The Endpoint model combines the soft mechanism and the nature of transverse momenta of a quark in a hadron to predict scaling behaviour in its exclusive processes. Using the model to calculate exclusive processes leads to expressions dominated by the endpoint region of the wavefunction, this helps us extract the form of the wavefunction. For the proton, using \(F_1\) data to obtain the wavefunction, the scaling behaviour of the form factor ratio \(F_2/F_1\) of proton as well as pp scattering were successfully predicted. The successes of the Endpoint model lead us to investigate the problem of real Compton scattering of the proton.

The experimental data for Compton scattering [10] show a scaling behaviour for the differential scattering cross section in two regions of s, t: a \(1/s^8\) scaling for fixed \(\theta _{CM}\) and \(s \sim |t| \gg \Lambda _{QCD}\) and a \(1/t^4\) scaling at fixed s much larger than |t|. Fixing the free parameters in the Endpoint Model at mass \( m = 0.11 \, \mathrm{GeV}^2\) using the data for \(F_1\) and \(F_2/F_1\), we carried out numerical calculation for Compton scattering in these limits. For fixed s larger than |t|, the Endpoint calculations show the \(1/t^4\) scaling observed in data and has a good match with the data for smaller angles. In the fixed \(\theta _{CM}\) and \(s \sim |t| \gg \Lambda _{QCD}\) region, the Endpoint Model calculation for the Compton scattering shows the elusive \(1/s^6\) scaling, that is expected from constituent counting rules [11, 12]. Moreover, the Endpoint model also suggests that the \(1/s^6\) scaling can be expected to be dominant only for \(s \gtrsim 25 \, \mathrm{GeV}^2\). This paper provides a first prediction of the energy scale for the onset of this scaling regime. At the experimental values of s, a good agreement with experimental observations can be seen when extending the calculation to lower s (lower  \(Q^2\)).
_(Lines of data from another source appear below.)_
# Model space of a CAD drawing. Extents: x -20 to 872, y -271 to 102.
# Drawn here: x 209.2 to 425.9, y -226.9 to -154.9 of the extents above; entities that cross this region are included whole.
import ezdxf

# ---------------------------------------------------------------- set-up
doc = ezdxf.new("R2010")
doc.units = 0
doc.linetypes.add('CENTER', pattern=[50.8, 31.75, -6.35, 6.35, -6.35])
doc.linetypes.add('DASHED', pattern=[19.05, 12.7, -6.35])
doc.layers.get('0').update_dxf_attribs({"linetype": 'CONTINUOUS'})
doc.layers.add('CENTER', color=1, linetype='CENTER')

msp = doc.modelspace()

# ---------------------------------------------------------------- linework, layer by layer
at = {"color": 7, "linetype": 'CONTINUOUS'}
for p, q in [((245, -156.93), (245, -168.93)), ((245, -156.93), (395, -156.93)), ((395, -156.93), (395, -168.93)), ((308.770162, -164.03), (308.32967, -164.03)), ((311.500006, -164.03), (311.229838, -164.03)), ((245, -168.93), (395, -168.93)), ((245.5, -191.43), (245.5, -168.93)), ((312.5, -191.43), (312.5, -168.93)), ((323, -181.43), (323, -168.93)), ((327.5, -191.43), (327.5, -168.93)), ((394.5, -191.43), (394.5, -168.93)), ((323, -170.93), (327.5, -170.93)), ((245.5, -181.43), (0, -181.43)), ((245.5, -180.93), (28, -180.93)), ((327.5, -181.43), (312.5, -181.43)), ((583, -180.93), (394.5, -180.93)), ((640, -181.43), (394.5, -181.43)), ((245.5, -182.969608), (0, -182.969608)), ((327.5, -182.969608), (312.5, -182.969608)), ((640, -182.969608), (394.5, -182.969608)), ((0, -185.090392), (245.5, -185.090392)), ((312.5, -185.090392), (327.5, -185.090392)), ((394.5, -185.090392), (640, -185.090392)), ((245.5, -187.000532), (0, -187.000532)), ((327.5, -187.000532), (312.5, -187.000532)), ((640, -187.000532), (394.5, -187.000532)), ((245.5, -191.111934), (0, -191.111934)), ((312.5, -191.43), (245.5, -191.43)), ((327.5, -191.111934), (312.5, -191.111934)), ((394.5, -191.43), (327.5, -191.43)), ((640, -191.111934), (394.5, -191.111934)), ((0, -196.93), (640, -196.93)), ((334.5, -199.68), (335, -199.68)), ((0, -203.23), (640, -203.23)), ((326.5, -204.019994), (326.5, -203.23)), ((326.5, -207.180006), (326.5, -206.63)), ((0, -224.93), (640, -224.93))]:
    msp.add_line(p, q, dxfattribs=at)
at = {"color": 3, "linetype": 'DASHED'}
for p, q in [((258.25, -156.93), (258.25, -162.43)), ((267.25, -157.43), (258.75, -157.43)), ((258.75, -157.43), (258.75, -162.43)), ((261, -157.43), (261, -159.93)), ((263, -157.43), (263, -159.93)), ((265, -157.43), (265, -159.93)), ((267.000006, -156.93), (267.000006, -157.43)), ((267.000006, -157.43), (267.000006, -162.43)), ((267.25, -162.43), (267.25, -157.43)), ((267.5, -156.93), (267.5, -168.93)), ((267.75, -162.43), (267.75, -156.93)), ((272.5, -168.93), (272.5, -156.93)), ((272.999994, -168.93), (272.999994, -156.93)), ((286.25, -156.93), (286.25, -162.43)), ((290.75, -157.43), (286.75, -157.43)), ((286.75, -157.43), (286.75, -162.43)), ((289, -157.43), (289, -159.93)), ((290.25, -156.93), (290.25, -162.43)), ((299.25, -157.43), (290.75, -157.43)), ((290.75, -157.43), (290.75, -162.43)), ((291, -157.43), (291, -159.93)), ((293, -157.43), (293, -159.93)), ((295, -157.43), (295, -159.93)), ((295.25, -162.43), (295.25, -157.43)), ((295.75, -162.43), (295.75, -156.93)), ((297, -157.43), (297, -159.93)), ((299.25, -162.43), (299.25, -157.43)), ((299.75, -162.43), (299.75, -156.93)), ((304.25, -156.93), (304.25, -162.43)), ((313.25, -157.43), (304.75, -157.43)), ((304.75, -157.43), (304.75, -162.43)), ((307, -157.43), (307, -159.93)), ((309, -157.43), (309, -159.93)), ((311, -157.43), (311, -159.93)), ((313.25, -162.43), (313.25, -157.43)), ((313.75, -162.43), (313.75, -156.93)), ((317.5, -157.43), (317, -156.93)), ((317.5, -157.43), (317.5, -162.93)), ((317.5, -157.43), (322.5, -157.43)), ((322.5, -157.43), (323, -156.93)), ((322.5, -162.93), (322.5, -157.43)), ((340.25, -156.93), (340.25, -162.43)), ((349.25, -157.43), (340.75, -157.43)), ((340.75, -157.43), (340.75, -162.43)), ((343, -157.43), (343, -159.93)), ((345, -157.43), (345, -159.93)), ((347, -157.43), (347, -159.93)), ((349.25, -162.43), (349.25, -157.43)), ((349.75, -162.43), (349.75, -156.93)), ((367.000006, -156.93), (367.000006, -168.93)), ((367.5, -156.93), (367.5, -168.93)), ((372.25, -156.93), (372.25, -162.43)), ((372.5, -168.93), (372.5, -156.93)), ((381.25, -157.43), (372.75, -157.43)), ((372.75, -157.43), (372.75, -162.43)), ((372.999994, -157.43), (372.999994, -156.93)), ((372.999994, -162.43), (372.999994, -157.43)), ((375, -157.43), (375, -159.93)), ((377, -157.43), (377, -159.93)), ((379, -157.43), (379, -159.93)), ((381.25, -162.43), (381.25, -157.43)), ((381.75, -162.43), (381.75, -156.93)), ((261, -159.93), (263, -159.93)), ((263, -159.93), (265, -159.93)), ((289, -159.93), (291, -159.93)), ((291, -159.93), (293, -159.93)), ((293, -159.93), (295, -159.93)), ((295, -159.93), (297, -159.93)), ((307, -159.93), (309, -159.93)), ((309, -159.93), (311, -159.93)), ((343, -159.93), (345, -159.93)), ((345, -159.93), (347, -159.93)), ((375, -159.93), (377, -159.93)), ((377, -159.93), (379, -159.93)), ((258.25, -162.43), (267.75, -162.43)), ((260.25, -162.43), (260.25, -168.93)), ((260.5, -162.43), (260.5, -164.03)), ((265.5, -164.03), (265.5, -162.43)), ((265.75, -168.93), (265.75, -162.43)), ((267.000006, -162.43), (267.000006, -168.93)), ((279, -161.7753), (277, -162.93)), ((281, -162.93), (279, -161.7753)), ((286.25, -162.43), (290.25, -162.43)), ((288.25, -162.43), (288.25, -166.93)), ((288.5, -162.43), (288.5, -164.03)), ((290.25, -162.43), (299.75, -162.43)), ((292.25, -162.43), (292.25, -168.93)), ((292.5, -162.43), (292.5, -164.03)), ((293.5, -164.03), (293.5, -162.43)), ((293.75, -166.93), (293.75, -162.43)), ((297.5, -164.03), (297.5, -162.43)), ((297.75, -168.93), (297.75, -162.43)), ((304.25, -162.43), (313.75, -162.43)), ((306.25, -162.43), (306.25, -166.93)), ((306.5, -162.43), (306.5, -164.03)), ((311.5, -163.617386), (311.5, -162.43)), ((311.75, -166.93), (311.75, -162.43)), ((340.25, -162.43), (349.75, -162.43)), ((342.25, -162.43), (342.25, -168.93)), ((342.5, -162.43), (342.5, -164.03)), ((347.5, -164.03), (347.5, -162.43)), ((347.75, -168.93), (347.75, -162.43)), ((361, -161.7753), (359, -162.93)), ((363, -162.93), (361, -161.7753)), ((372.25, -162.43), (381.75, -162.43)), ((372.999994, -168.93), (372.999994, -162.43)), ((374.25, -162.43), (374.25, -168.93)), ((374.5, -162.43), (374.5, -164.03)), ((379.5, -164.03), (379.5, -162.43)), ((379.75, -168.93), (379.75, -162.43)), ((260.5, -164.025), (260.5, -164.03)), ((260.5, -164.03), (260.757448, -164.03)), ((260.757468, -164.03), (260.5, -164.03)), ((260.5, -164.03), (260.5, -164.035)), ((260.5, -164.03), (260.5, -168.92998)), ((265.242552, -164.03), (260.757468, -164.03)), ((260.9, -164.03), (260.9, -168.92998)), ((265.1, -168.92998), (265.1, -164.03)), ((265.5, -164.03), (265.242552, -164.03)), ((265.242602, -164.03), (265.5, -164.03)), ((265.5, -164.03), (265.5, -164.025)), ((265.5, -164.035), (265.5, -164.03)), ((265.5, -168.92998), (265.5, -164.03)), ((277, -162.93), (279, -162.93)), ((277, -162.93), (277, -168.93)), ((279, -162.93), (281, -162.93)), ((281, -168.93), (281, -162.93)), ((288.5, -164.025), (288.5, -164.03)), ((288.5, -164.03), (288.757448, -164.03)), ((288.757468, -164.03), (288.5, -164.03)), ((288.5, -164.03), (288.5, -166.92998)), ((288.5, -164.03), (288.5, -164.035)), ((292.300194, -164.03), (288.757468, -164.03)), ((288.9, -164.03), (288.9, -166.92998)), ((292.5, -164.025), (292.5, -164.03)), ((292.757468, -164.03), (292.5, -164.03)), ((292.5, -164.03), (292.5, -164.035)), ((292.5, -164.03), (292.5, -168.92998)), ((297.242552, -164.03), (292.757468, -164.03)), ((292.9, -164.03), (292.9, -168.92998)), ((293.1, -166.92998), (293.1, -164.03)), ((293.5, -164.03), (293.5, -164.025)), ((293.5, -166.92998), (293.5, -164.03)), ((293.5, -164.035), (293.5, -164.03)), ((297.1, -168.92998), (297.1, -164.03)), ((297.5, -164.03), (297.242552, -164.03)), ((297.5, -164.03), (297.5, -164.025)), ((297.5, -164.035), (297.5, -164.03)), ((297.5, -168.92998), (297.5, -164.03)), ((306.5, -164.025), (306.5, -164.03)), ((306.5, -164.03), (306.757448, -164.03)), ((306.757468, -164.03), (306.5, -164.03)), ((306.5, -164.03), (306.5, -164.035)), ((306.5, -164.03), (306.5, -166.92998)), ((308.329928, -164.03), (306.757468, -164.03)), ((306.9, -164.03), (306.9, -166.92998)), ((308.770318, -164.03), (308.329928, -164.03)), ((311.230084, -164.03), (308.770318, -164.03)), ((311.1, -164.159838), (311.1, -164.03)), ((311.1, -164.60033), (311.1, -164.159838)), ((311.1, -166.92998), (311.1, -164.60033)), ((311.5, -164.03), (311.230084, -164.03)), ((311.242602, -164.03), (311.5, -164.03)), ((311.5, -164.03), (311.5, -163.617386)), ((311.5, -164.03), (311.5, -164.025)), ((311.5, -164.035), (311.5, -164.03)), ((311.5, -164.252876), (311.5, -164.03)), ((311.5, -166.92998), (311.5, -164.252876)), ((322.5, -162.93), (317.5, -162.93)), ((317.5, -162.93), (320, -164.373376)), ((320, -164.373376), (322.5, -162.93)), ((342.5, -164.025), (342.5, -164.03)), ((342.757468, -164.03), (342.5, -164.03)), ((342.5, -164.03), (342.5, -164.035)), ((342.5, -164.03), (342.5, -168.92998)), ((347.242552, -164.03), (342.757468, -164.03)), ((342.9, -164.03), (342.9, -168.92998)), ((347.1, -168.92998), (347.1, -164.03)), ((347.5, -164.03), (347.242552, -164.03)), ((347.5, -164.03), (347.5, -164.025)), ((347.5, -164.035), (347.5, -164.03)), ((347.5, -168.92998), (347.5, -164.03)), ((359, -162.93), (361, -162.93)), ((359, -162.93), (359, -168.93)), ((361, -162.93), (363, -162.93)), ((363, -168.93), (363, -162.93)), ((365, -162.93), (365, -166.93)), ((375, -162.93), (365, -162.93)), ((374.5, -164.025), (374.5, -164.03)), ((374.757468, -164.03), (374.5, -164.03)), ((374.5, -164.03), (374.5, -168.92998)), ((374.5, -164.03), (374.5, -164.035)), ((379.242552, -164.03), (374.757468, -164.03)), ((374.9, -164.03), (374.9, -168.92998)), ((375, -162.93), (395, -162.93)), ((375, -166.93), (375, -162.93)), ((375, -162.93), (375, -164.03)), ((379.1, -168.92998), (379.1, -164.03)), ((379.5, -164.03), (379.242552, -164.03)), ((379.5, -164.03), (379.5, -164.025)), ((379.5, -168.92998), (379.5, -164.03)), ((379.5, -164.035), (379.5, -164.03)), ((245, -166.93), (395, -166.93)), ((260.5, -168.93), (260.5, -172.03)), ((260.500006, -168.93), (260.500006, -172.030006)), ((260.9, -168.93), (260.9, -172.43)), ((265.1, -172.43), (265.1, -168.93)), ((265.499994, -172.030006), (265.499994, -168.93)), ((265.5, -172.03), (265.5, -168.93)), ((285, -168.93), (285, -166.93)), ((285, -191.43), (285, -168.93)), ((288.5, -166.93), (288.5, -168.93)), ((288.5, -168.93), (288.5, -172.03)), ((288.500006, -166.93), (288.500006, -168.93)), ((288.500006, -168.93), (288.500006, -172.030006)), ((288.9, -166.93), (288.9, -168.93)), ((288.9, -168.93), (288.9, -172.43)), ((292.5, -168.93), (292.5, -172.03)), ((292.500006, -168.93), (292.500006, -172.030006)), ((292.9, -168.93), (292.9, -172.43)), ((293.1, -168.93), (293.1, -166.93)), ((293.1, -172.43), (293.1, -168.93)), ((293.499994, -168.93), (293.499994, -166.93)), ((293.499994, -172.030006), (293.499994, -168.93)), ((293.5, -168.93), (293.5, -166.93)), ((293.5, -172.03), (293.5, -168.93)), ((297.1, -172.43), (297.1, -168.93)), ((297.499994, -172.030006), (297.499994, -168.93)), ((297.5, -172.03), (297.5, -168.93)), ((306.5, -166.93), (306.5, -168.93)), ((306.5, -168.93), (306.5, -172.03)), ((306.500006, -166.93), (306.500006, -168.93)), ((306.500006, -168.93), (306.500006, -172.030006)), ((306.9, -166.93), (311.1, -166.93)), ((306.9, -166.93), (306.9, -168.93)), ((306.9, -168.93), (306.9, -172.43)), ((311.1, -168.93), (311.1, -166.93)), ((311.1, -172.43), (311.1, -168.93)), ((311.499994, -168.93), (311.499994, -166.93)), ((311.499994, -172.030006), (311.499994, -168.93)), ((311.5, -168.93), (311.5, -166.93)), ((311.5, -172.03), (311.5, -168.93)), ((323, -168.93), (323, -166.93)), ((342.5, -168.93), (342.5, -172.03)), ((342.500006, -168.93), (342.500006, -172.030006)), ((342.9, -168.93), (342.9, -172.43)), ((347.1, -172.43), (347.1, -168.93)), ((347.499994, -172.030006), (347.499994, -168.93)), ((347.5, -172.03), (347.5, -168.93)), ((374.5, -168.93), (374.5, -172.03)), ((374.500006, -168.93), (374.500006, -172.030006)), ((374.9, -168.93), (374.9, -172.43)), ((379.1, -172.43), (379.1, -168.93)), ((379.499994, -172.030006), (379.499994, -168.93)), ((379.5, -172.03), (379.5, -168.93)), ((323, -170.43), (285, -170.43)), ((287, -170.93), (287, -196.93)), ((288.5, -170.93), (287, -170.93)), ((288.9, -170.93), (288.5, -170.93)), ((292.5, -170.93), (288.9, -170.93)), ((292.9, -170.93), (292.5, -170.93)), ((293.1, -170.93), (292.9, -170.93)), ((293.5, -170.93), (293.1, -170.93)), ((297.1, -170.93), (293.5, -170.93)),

With the current work, we have shown once again that the Endpoint model is capable of explaining a range of scaling laws for exclusive hadronic processes at high s and |t|. It is capable of generating the quark counting rules [11, 12] and also suggests the energy scales at which one can expect these scaling laws to dominate for Compton Scattering. Fixing the parameters of the model using existing data, the Endpoint model is also able to give an good match with experimental data over a broad regime.